## [Exercise objective]
Output, word for word, the lines of this listing that fall between the line with "#57=ORIENTED_EDGE('',*,*,#56,.T.);" and the line with "#69=LINE('',#68,#67);", counting both of those lines, and no others.

## [Data in this exercise]

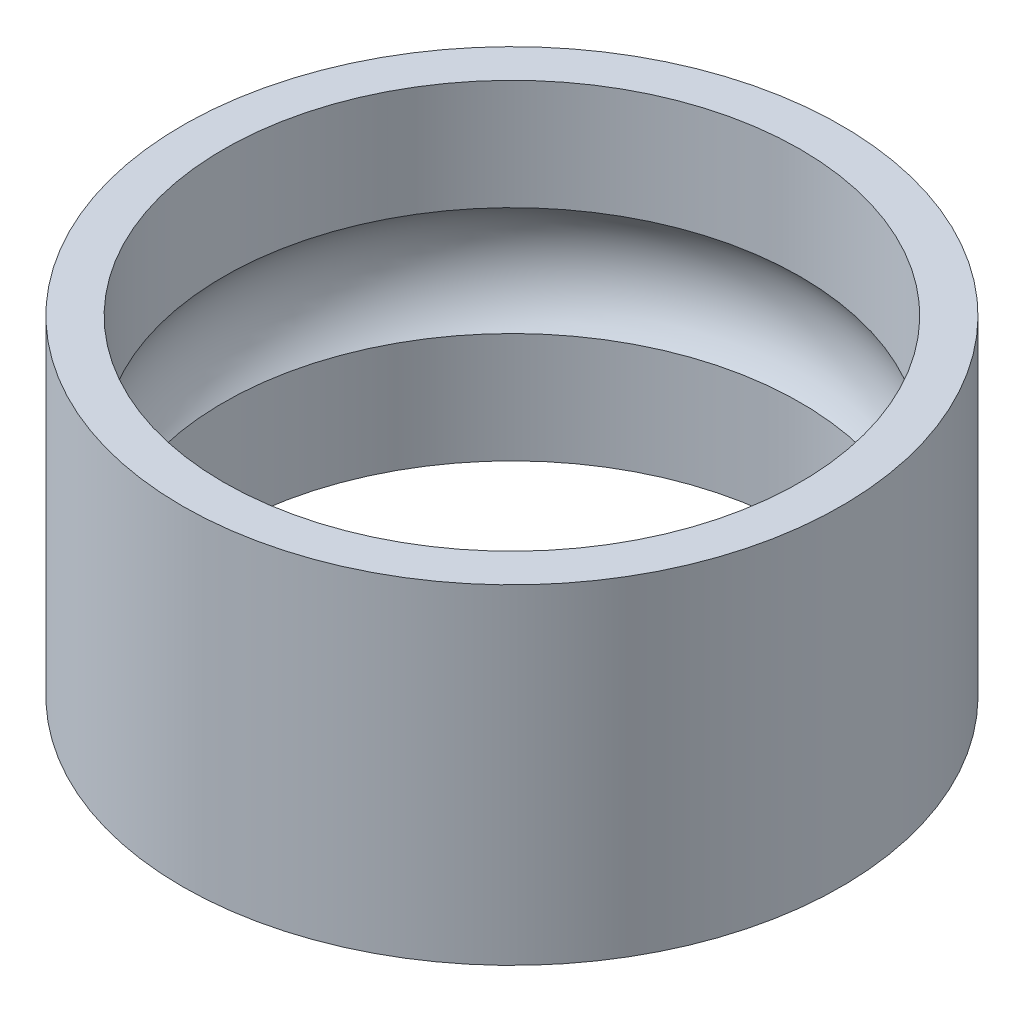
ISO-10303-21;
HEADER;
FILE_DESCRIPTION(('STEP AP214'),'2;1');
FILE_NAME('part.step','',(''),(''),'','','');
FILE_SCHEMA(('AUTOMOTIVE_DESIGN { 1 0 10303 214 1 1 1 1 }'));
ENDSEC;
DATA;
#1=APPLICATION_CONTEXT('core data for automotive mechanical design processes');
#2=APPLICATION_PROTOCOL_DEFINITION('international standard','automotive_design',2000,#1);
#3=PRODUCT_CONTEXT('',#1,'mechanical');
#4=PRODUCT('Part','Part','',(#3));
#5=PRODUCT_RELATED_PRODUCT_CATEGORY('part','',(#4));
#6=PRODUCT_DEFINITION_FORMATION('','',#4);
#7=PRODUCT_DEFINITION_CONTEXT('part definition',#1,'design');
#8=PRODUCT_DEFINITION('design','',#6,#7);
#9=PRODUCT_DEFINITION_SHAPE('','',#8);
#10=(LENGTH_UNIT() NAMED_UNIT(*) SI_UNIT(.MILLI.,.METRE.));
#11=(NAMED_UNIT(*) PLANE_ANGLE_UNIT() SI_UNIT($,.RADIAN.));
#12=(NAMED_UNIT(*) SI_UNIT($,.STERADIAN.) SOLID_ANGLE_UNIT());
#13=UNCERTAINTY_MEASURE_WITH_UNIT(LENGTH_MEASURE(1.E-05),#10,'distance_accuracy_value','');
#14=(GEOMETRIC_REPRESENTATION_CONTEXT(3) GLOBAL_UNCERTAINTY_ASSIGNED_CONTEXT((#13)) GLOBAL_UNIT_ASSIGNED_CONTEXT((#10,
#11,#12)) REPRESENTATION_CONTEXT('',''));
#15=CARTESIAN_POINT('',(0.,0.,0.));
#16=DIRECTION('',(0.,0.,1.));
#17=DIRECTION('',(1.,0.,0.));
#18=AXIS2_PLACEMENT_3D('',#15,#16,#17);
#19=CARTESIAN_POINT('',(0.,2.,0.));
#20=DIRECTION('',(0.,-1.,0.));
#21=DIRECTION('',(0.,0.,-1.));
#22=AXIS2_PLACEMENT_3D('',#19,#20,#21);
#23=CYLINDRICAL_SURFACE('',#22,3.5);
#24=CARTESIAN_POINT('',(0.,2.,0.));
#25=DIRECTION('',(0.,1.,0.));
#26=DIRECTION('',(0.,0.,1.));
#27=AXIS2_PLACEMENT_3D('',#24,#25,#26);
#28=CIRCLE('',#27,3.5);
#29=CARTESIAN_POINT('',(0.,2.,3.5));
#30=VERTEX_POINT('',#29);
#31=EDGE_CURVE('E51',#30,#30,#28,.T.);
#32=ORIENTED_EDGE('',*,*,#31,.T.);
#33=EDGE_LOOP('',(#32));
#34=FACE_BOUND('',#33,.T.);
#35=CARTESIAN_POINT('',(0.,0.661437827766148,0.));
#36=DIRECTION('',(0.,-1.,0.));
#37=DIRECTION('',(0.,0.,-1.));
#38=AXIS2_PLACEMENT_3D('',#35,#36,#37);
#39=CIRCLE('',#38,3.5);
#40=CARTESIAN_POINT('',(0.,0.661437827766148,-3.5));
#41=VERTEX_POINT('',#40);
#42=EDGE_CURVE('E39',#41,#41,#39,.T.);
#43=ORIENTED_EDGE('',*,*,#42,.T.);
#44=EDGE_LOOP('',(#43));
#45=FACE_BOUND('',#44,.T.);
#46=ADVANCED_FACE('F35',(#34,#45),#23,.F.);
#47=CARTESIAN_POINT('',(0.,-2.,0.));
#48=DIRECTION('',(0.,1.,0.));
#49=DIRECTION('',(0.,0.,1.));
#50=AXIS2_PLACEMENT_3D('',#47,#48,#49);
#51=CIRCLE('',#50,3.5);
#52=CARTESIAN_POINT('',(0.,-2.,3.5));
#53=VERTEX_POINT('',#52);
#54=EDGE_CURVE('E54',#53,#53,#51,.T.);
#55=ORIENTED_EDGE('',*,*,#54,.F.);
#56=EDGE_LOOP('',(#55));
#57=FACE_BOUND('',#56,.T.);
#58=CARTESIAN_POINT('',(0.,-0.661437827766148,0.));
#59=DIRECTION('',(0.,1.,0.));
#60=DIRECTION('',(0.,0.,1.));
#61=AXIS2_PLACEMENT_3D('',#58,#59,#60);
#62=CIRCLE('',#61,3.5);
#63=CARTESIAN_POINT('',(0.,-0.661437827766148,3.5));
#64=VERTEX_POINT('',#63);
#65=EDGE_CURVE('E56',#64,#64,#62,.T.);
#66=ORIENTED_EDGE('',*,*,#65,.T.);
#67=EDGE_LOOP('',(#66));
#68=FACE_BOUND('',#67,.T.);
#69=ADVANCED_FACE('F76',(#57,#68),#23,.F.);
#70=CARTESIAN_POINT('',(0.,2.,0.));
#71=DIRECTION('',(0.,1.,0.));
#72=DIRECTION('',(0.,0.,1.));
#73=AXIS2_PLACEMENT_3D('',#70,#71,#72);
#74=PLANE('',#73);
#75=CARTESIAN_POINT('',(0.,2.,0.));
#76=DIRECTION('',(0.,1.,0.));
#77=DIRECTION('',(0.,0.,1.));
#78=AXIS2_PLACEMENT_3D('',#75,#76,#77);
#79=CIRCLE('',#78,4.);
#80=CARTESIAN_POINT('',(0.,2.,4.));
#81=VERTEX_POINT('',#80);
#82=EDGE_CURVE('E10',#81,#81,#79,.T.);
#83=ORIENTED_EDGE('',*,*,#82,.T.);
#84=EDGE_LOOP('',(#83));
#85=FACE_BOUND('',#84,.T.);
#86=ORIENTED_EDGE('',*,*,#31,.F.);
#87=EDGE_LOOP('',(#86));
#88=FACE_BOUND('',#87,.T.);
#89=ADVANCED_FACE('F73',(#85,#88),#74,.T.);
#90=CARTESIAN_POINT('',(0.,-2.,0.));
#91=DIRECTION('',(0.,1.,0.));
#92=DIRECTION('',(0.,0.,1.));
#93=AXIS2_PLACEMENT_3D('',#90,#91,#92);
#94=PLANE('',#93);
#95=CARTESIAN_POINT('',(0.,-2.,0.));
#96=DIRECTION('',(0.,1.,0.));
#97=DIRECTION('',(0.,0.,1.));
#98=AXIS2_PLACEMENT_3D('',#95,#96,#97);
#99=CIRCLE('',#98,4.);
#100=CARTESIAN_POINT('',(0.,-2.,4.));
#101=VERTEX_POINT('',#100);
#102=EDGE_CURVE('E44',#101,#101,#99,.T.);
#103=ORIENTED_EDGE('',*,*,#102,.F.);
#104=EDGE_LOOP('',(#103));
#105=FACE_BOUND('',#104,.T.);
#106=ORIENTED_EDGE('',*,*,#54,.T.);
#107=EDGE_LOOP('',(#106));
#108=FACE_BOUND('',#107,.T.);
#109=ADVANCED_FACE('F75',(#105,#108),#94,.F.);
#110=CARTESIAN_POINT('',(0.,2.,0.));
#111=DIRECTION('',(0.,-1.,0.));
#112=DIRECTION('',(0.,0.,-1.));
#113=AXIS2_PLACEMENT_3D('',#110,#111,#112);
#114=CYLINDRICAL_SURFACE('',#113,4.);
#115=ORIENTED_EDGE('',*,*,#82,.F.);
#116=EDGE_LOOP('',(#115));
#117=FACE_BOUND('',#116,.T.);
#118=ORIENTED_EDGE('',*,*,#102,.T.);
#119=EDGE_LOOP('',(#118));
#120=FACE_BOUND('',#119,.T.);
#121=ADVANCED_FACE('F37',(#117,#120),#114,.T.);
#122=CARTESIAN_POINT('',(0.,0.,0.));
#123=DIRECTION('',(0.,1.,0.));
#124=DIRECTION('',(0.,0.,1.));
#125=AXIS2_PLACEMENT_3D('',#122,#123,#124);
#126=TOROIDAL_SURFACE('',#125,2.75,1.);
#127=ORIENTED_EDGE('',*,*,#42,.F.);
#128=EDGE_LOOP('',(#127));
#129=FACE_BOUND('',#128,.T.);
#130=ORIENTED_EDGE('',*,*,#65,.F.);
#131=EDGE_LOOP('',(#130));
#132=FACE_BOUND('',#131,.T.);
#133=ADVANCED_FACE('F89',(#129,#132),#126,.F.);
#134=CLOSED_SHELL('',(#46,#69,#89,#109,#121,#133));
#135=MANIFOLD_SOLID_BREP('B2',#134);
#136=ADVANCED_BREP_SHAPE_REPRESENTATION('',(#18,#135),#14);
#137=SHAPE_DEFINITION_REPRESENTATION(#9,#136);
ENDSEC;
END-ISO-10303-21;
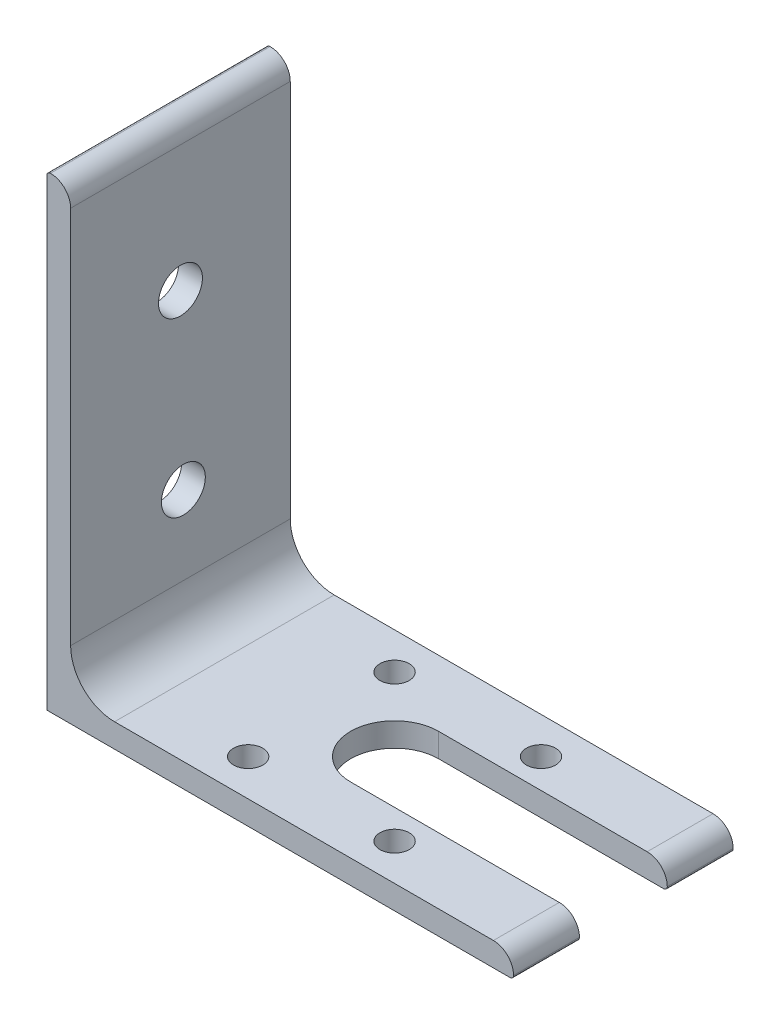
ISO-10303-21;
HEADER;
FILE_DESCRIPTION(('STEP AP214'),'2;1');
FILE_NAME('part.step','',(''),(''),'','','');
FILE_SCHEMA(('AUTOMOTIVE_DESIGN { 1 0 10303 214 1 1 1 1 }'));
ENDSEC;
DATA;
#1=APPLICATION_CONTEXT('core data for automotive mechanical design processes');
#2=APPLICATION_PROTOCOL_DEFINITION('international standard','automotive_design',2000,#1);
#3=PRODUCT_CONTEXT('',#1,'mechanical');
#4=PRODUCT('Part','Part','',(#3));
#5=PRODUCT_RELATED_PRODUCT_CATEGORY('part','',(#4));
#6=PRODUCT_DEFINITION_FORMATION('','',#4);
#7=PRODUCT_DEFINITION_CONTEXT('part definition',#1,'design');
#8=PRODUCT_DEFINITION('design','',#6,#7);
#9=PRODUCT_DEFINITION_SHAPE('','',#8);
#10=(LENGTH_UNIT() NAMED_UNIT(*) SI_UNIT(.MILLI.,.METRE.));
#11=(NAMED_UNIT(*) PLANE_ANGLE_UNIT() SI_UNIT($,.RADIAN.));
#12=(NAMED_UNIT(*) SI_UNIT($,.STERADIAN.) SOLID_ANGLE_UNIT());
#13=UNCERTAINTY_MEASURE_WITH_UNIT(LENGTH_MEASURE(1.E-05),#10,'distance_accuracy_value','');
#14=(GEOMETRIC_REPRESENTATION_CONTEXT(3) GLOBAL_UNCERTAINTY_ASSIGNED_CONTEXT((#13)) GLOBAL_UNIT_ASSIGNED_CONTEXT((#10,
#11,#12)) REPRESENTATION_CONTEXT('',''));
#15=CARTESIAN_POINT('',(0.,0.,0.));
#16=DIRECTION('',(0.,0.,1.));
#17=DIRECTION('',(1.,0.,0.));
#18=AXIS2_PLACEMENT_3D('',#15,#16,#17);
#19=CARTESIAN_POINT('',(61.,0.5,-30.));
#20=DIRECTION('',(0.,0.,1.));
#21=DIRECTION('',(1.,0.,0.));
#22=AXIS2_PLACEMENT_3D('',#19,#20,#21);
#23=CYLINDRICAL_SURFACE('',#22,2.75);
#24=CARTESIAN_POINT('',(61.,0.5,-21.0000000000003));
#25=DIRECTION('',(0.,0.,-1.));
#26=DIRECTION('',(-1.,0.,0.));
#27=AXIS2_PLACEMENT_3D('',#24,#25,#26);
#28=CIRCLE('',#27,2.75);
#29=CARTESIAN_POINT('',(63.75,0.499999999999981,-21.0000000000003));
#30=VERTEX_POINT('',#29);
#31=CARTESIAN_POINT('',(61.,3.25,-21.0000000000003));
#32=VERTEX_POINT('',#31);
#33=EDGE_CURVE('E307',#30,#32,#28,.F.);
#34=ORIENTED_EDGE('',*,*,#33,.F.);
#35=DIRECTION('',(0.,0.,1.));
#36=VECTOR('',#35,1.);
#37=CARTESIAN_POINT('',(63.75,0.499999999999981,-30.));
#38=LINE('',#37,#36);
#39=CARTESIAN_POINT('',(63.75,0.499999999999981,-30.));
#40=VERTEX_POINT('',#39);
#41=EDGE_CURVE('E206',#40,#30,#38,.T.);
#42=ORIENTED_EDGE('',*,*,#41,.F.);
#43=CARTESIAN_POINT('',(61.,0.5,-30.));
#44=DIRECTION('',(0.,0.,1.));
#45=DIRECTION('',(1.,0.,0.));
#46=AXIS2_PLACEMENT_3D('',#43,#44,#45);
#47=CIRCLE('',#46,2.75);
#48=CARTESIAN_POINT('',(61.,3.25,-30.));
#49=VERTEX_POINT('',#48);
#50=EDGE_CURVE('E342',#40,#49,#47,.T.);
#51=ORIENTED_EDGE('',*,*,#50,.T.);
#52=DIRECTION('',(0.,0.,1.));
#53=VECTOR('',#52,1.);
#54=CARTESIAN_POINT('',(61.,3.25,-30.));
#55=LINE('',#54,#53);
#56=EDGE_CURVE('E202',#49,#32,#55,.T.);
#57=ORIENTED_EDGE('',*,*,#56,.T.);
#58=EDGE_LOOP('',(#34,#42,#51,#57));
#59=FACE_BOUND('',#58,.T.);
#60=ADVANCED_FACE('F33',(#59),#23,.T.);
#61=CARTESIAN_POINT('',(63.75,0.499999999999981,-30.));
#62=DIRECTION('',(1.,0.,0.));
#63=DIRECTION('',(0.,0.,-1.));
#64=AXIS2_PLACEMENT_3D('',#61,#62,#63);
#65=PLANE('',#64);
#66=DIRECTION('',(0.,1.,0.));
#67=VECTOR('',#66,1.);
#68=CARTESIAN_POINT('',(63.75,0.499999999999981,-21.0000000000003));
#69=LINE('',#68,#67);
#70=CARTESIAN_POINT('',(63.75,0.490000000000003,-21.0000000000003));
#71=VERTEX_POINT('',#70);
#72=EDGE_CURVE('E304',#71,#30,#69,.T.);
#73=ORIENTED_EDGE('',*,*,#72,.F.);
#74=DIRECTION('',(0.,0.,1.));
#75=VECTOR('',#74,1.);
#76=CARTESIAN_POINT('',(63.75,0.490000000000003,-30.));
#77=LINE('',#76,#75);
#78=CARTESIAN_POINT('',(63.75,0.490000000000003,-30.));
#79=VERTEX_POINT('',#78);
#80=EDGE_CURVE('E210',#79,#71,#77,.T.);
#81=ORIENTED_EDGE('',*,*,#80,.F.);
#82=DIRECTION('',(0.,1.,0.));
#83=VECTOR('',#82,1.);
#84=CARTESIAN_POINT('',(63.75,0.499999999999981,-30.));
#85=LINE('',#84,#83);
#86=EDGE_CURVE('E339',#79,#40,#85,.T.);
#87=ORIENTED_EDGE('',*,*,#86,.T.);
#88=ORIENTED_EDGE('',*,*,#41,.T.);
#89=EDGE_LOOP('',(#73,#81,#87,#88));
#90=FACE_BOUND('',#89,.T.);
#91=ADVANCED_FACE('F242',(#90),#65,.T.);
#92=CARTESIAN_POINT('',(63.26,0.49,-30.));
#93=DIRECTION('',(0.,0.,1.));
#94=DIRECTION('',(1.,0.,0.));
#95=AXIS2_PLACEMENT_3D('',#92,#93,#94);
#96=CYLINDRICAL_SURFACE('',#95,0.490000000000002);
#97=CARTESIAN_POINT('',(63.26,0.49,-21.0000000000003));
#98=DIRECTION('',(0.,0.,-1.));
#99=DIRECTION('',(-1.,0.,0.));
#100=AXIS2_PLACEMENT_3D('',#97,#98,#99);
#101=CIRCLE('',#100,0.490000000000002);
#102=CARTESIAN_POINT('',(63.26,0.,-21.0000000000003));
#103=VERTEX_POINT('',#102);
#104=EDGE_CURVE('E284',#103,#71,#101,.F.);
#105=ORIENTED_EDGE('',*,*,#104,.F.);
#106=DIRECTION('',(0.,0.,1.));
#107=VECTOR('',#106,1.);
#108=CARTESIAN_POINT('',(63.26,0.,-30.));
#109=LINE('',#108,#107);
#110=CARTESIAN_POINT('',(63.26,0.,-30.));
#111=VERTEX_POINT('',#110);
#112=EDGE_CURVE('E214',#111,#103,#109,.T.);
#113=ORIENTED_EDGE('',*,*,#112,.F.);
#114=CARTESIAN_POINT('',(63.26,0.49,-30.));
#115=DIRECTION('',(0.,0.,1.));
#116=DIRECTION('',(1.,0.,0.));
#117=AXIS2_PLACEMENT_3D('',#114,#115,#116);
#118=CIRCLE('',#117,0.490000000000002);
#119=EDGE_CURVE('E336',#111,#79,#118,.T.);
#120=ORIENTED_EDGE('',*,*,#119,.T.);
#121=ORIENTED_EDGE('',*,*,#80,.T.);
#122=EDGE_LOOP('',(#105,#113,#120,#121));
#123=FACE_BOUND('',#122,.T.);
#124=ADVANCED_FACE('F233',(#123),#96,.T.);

## [Problem solution]
#57=ORIENTED_EDGE('',*,*,#56,.T.);
#58=EDGE_LOOP('',(#34,#42,#51,#57));
#59=FACE_BOUND('',#58,.T.);
#60=ADVANCED_FACE('F33',(#59),#23,.T.);
#61=CARTESIAN_POINT('',(63.75,0.499999999999981,-30.));
#62=DIRECTION('',(1.,0.,0.));
#63=DIRECTION('',(0.,0.,-1.));
#64=AXIS2_PLACEMENT_3D('',#61,#62,#63);
#65=PLANE('',#64);
#66=DIRECTION('',(0.,1.,0.));
#67=VECTOR('',#66,1.);
#68=CARTESIAN_POINT('',(63.75,0.499999999999981,-21.0000000000003));
#69=LINE('',#68,#67);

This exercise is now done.